The Power to Pester: Why Kids Are Key to Edible Bug Acceptance

Kids will be the most effective ambassadors for the edible insect industry. If we can convince them that eating bugs is healthy, sustainable, tasty, and COOL, then they will compel their parents to make product purchases and the industry to meet demand in kind. If marketers know that kids crave these delicious critters, it bodes well for the entire edible insect industry. And what happens to kids when they stop being kids? They become insect-eating adults, influencing their future families and peers with their minds and wallets.

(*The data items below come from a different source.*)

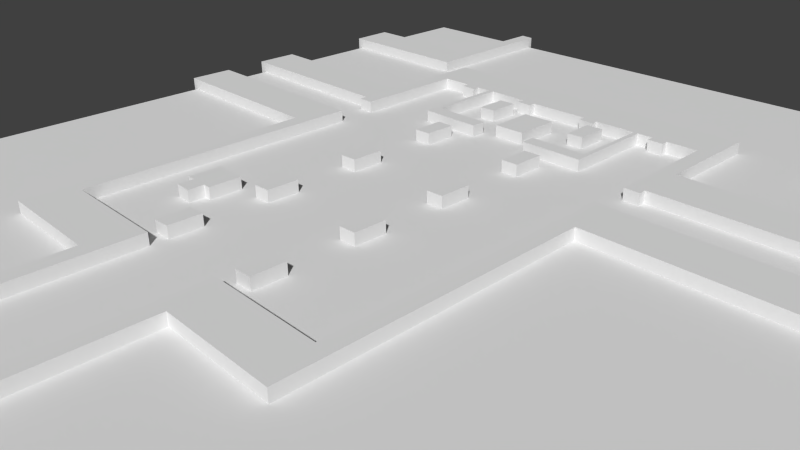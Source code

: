 # Source: Lvl1_D1_8.blend  (saved by Blender 2.74.0; exported with 4.5.12 LTS)
import bpy
from mathutils import Matrix  # noqa: F401  (used for matrix-valued properties, if any)

bpy.ops.wm.read_factory_settings(use_empty=True)
scene = bpy.context.scene
scene.name = 'Scene'

# ---- collections
col_collection_1 = bpy.data.collections.new('Collection 1'); scene.collection.children.link(col_collection_1)

# ---- materials (node trees are filled in below, after node groups)
mat_material_001 = bpy.data.materials.new('Material.001')
mat_material_001.alpha_threshold = 0.0
mat_material_001.use_transparent_shadow = False
mat_material_001.preview_render_type = 'FLAT'
mat_material_001.roughness = 0.5

# ---- material node trees

# ---- world
world_world = bpy.data.worlds.new('World'); scene.world = world_world
world_world.color = (0.05088, 0.05088, 0.05088)
world_world.use_sun_shadow = False
world_world.sun_shadow_jitter_overblur = 0.0
world_world.cycles.sampling_method = 'MANUAL'
world_world.cycles.sample_map_resolution = 256

# ---- cameras
cam_camera = bpy.data.cameras.new('Camera')
cam_camera.clip_end = 100.0
cam_camera.lens = 35.0
cam_camera.sensor_width = 32.0
cam_camera.sensor_height = 18.0
cam_camera.ortho_scale = 7.314
cam_camera.dof.focus_distance = 0.0
cam_camera.dof.aperture_fstop = 128.0

# ---- meshes
me_cube_017 = bpy.data.meshes.new('Cube.017')
me_cube_017.from_pydata([(-4.224, -8.258, -1.0), (-4.224, -8.258, 0.3), (-7.229, -8.328, -1.0), (-7.229, -8.328, 0.3), (-7.261, -4.055, -1.0), (-7.261, -4.055, 0.3), (-4.191, -3.991, -1.0), (-4.191, -3.991, 0.3)], [], [(0, 1, 3, 2), (2, 3, 5, 4), (4, 5, 7, 6), (1, 7, 5, 3), (6, 7, 1, 0), (2, 4, 6, 0)])
me_cube_017.use_remesh_preserve_volume = False
me_cube_017.use_remesh_preserve_attributes = False
me_cube_017.use_mirror_vertex_groups = False
me_cube_017.update()
me_cube_016 = bpy.data.meshes.new('Cube.016')
me_cube_016.from_pydata([(-5.688, -6.948, -1.0), (-5.688, -6.948, 0.3), (-7.229, -7.019, -1.0), (-7.229, -7.019, 0.3), (-7.261, -4.055, -1.0), (-7.261, -4.055, 0.3), (-5.655, -3.991, -1.0), (-5.655, -3.991, 0.3)], [], [(0, 1, 3, 2), (2, 3, 5, 4), (4, 5, 7, 6), (1, 7, 5, 3), (6, 7, 1, 0), (2, 4, 6, 0)])
me_cube_016.use_remesh_preserve_volume = False
me_cube_016.use_remesh_preserve_attributes = False
me_cube_016.use_mirror_vertex_groups = False
me_cube_016.update()
me_cube_015 = bpy.data.meshes.new('Cube.015')
me_cube_015.from_pydata([(-5.688, -6.948, -1.0), (-5.688, -6.948, 0.3), (-7.229, -7.019, -1.0), (-7.229, -7.019, 0.3), (-7.261, -4.055, -1.0), (-7.261, -4.055, 0.3), (-5.655, -3.991, -1.0), (-5.655, -3.991, 0.3)], [], [(0, 1, 3, 2), (2, 3, 5, 4), (4, 5, 7, 6), (1, 7, 5, 3), (6, 7, 1, 0), (2, 4, 6, 0)])
me_cube_015.use_remesh_preserve_volume = False
me_cube_015.use_remesh_preserve_attributes = False
me_cube_015.use_mirror_vertex_groups = False
me_cube_015.update()
me_cube_014 = bpy.data.meshes.new('Cube.014')
me_cube_014.from_pydata([(-5.688, -6.948, -1.0), (-5.688, -6.948, 0.3), (-7.229, -7.019, -1.0), (-7.229, -7.019, 0.3), (-7.261, -4.055, -1.0), (-7.261, -4.055, 0.3), (-5.655, -3.991, -1.0), (-5.655, -3.991, 0.3)], [], [(0, 1, 3, 2), (2, 3, 5, 4), (4, 5, 7, 6), (1, 7, 5, 3), (6, 7, 1, 0), (2, 4, 6, 0)])
me_cube_014.use_remesh_preserve_volume = False
me_cube_014.use_remesh_preserve_attributes = False
me_cube_014.use_mirror_vertex_groups = False
me_cube_014.update()
me_cube_013 = bpy.data.meshes.new('Cube.013')
me_cube_013.from_pydata([(-5.688, -6.948, -1.0), (-5.688, -6.948, 0.3), (-7.229, -7.019, -1.0), (-7.229, -7.019, 0.3), (-7.261, -4.055, -1.0), (-7.261, -4.055, 0.3), (-5.655, -3.991, -1.0), (-5.655, -3.991, 0.3)], [], [(0, 1, 3, 2), (2, 3, 5, 4), (4, 5, 7, 6), (1, 7, 5, 3), (6, 7, 1, 0), (2, 4, 6, 0)])
me_cube_013.use_remesh_preserve_volume = False
me_cube_013.use_remesh_preserve_attributes = False
me_cube_013.use_mirror_vertex_groups = False
me_cube_013.update()
me_cube_012 = bpy.data.meshes.new('Cube.012')
me_cube_012.from_pydata([(-5.688, -6.948, -1.0), (-5.688, -6.948, 0.3), (-7.229, -7.019, -1.0), (-7.229, -7.019, 0.3), (-7.261, -4.055, -1.0), (-7.261, -4.055, 0.3), (-5.655, -3.991, -1.0), (-5.655, -3.991, 0.3)], [], [(0, 1, 3, 2), (2, 3, 5, 4), (4, 5, 7, 6), (1, 7, 5, 3), (6, 7, 1, 0), (2, 4, 6, 0)])
me_cube_012.use_remesh_preserve_volume = False
me_cube_012.use_remesh_preserve_attributes = False
me_cube_012.use_mirror_vertex_groups = False
me_cube_012.update()
me_cube_011 = bpy.data.meshes.new('Cube.011')
me_cube_011.from_pydata([(-5.688, -6.948, -1.0), (-5.688, -6.948, 0.3), (-7.229, -7.019, -1.0), (-7.229, -7.019, 0.3), (-7.261, -4.055, -1.0), (-7.261, -4.055, 0.3), (-5.655, -3.991, -1.0), (-5.655, -3.991, 0.3)], [], [(0, 1, 3, 2), (2, 3, 5, 4), (4, 5, 7, 6), (1, 7, 5, 3), (6, 7, 1, 0), (2, 4, 6, 0)])
me_cube_011.use_remesh_preserve_volume = False
me_cube_011.use_remesh_preserve_attributes = False
me_cube_011.use_mirror_vertex_groups = False
me_cube_011.update()
me_cube_010 = bpy.data.meshes.new('Cube.010')
me_cube_010.from_pydata([(-5.688, -6.948, -1.0), (-5.688, -6.948, 0.3), (-7.229, -7.019, -1.0), (-7.229, -7.019, 0.3), (-7.261, -4.055, -1.0), (-7.261, -4.055, 0.3), (-5.655, -3.991, -1.0), (-5.655, -3.991, 0.3)], [], [(0, 1, 3, 2), (2, 3, 5, 4), (4, 5, 7, 6), (1, 7, 5, 3), (6, 7, 1, 0), (2, 4, 6, 0)])
me_cube_010.use_remesh_preserve_volume = False
me_cube_010.use_remesh_preserve_attributes = False
me_cube_010.use_mirror_vertex_groups = False
me_cube_010.update()
me_cube_009 = bpy.data.meshes.new('Cube.009')
me_cube_009.from_pydata([(-5.688, -6.948, -1.0), (-5.688, -6.948, 0.3), (-7.229, -7.019, -1.0), (-7.229, -7.019, 0.3), (-7.261, -4.055, -1.0), (-7.261, -4.055, 0.3), (-5.655, -3.991, -1.0), (-5.655, -3.991, 0.3)], [], [(0, 1, 3, 2), (2, 3, 5, 4), (4, 5, 7, 6), (1, 7, 5, 3), (6, 7, 1, 0), (2, 4, 6, 0)])
me_cube_009.use_remesh_preserve_volume = False
me_cube_009.use_remesh_preserve_attributes = False
me_cube_009.use_mirror_vertex_groups = False
me_cube_009.update()
me_cube_008 = bpy.data.meshes.new('Cube.008')
me_cube_008.from_pydata([(-5.688, -6.948, -1.0), (-5.688, -6.948, 0.3), (-7.229, -7.019, -1.0), (-7.229, -7.019, 0.3), (-7.261, -4.055, -1.0), (-7.261, -4.055, 0.3), (-5.655, -3.991, -1.0), (-5.655, -3.991, 0.3)], [], [(0, 1, 3, 2), (2, 3, 5, 4), (4, 5, 7, 6), (1, 7, 5, 3), (6, 7, 1, 0), (2, 4, 6, 0)])
me_cube_008.use_remesh_preserve_volume = False
me_cube_008.use_remesh_preserve_attributes = False
me_cube_008.use_mirror_vertex_groups = False
me_cube_008.update()
me_cube_007 = bpy.data.meshes.new('Cube.007')
me_cube_007.from_pydata([(-0.819, 0.1541, -1.0), (-0.819, 0.1541, 0.3), (14.36, 0.2165, -1.0), (14.36, 0.2165, 0.3), (14.32, 15.31, -1.0), (14.32, 15.31, 0.3), (12.88, 15.4, -1.0), (12.88, 15.4, 0.3), (12.85, 4.615, -1.0), (12.85, 4.615, 0.3), (-0.8948, 4.551, -1.0), (-0.8948, 4.551, 0.3)], [], [(0, 1, 3, 2), (2, 3, 5, 4), (4, 5, 7, 6), (6, 7, 9, 8), (8, 9, 11, 10), (10, 11, 1, 0), (1, 11, 9, 7, 5, 3), (2, 4, 6, 8, 10, 0)])
me_cube_007.use_remesh_preserve_volume = False
me_cube_007.use_remesh_preserve_attributes = False
me_cube_007.use_mirror_vertex_groups = False
me_cube_007.update()
me_cube_006 = bpy.data.meshes.new('Cube.006')
me_cube_006.from_pydata([(-0.7725, 0.1717, -1.0), (-0.7725, 0.1717, 0.3), (17.37, 0.1554, -1.0), (17.37, 0.1554, 0.3), (17.4, -26.33, -1.0), (17.4, -26.33, 0.3), (27.68, -26.27, -1.0), (27.68, -26.27, 0.3), (27.74, -50.16, -1.0), (27.74, -50.16, 0.3), (29.19, -50.19, -1.0), (29.19, -50.19, 0.3), (29.22, -21.87, -1.0), (29.22, -21.87, 0.3), (18.88, -21.93, -1.0), (18.88, -21.93, 0.3), (18.88, 4.651, -1.0), (18.88, 4.651, 0.3), (-0.7056, 4.586, -1.0), (-0.7056, 4.586, 0.3)], [], [(0, 1, 3, 2), (2, 3, 5, 4), (4, 5, 7, 6), (6, 7, 9, 8), (8, 9, 11, 10), (10, 11, 13, 12), (12, 13, 15, 14), (14, 15, 17, 16), (16, 17, 19, 18), (18, 19, 1, 0), (1, 19, 17, 15, 13, 11, 9, 7, 5, 3), (2, 4, 6, 8, 10, 12, 14, 16, 18, 0)])
me_cube_006.use_remesh_preserve_volume = False
me_cube_006.use_remesh_preserve_attributes = False
me_cube_006.use_mirror_vertex_groups = False
me_cube_006.update()
me_cube_004 = bpy.data.meshes.new('Cube.004')
me_cube_004.from_pydata([(0.4648, -0.425, -1.0), (0.4648, -0.425, 0.3), (-38.43, -0.3638, -1.0), (-38.43, -0.3638, 0.3), (-38.37, -26.89, -1.0), (-38.37, -26.89, 0.3), (-48.71, -26.85, -1.0), (-48.71, -26.85, 0.3), (-48.74, -50.74, -1.0), (-48.74, -50.74, 0.3), (-50.18, -50.77, -1.0), (-50.18, -50.77, 0.3), (-50.18, -22.45, -1.0), (-50.18, -22.45, 0.3), (-39.88, -22.49, -1.0), (-39.88, -22.49, 0.3), (-39.88, 4.067, -1.0), (-39.88, 4.067, 0.3), (0.4848, 4.099, -1.0), (0.4848, 4.099, 0.3)], [], [(0, 1, 3, 2), (2, 3, 5, 4), (4, 5, 7, 6), (6, 7, 9, 8), (8, 9, 11, 10), (10, 11, 13, 12), (12, 13, 15, 14), (14, 15, 17, 16), (16, 17, 19, 18), (18, 19, 1, 0), (1, 19, 17, 15, 13, 11, 9, 7, 5, 3), (2, 4, 6, 8, 10, 12, 14, 16, 18, 0)])
me_cube_004.use_remesh_preserve_volume = False
me_cube_004.use_remesh_preserve_attributes = False
me_cube_004.use_mirror_vertex_groups = False
me_cube_004.update()
me_cube_003 = bpy.data.meshes.new('Cube.003')
me_cube_003.from_pydata([(0.4127, -0.856, -1.0), (0.4127, -0.856, 0.3), (-38.41, -0.7473, -1.0), (-38.41, -0.7473, 0.3), (-38.37, 9.518, -1.0), (-38.37, 9.518, 0.3), (-70.83, 9.564, -1.0), (-70.83, 9.564, 0.3), (-70.88, -0.7936, -1.0), (-70.88, -0.7936, 0.3), (-89.05, -0.7473, -1.0), (-89.05, -0.7473, 0.3), (-89.09, -5.094, -1.0), (-89.09, -5.094, 0.3), (-70.77, -5.14, -1.0), (-70.77, -5.14, 0.3), (-70.82, -5.896, -1.0), (-70.82, -5.896, 0.3), (-69.34, -5.878, -1.0), (-69.34, -5.878, 0.3), (-69.34, 5.134, -1.0), (-69.34, 5.134, 0.3), (-66.38, 5.153, -1.0), (-66.38, 5.153, 0.3), (-66.42, 4.409, -1.0), (-66.42, 4.409, 0.3), (-64.93, 4.409, -1.0), (-64.93, 4.409, 0.3), (-64.93, 5.115, -1.0), (-64.93, 5.115, 0.3), (-63.46, 5.164, -1.0), (-63.46, 5.164, 0.3), (-63.5, -3.695, -1.0), (-63.5, -3.695, 0.3), (-57.5, -3.739, -1.0), (-57.5, -3.739, 0.3), (-57.53, -2.315, -1.0), (-57.53, -2.315, 0.3), (-63.03, -2.315, -1.0), (-63.03, -2.315, 0.3), (-62.96, 5.169, -1.0), (-62.96, 5.169, 0.3), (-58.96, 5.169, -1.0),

Although kids can be picky eaters, they are also the bravest. I remember when green ketchup hit the market back in the day and all I wanted was for my mom to pick some up so I could disgust her at the dinner table. Green ketchup did not last for long, but the point did: kids are open-minded. They have yet to be fully indoctrinated into the cultural rulebooks of “eat this, not that.” Today’s children also have a deeper concern for following environmental rules and less of a concern for following social rules. And, with their brain elasticity that would make any adult trying to learn a new video game envious, they learn quickly!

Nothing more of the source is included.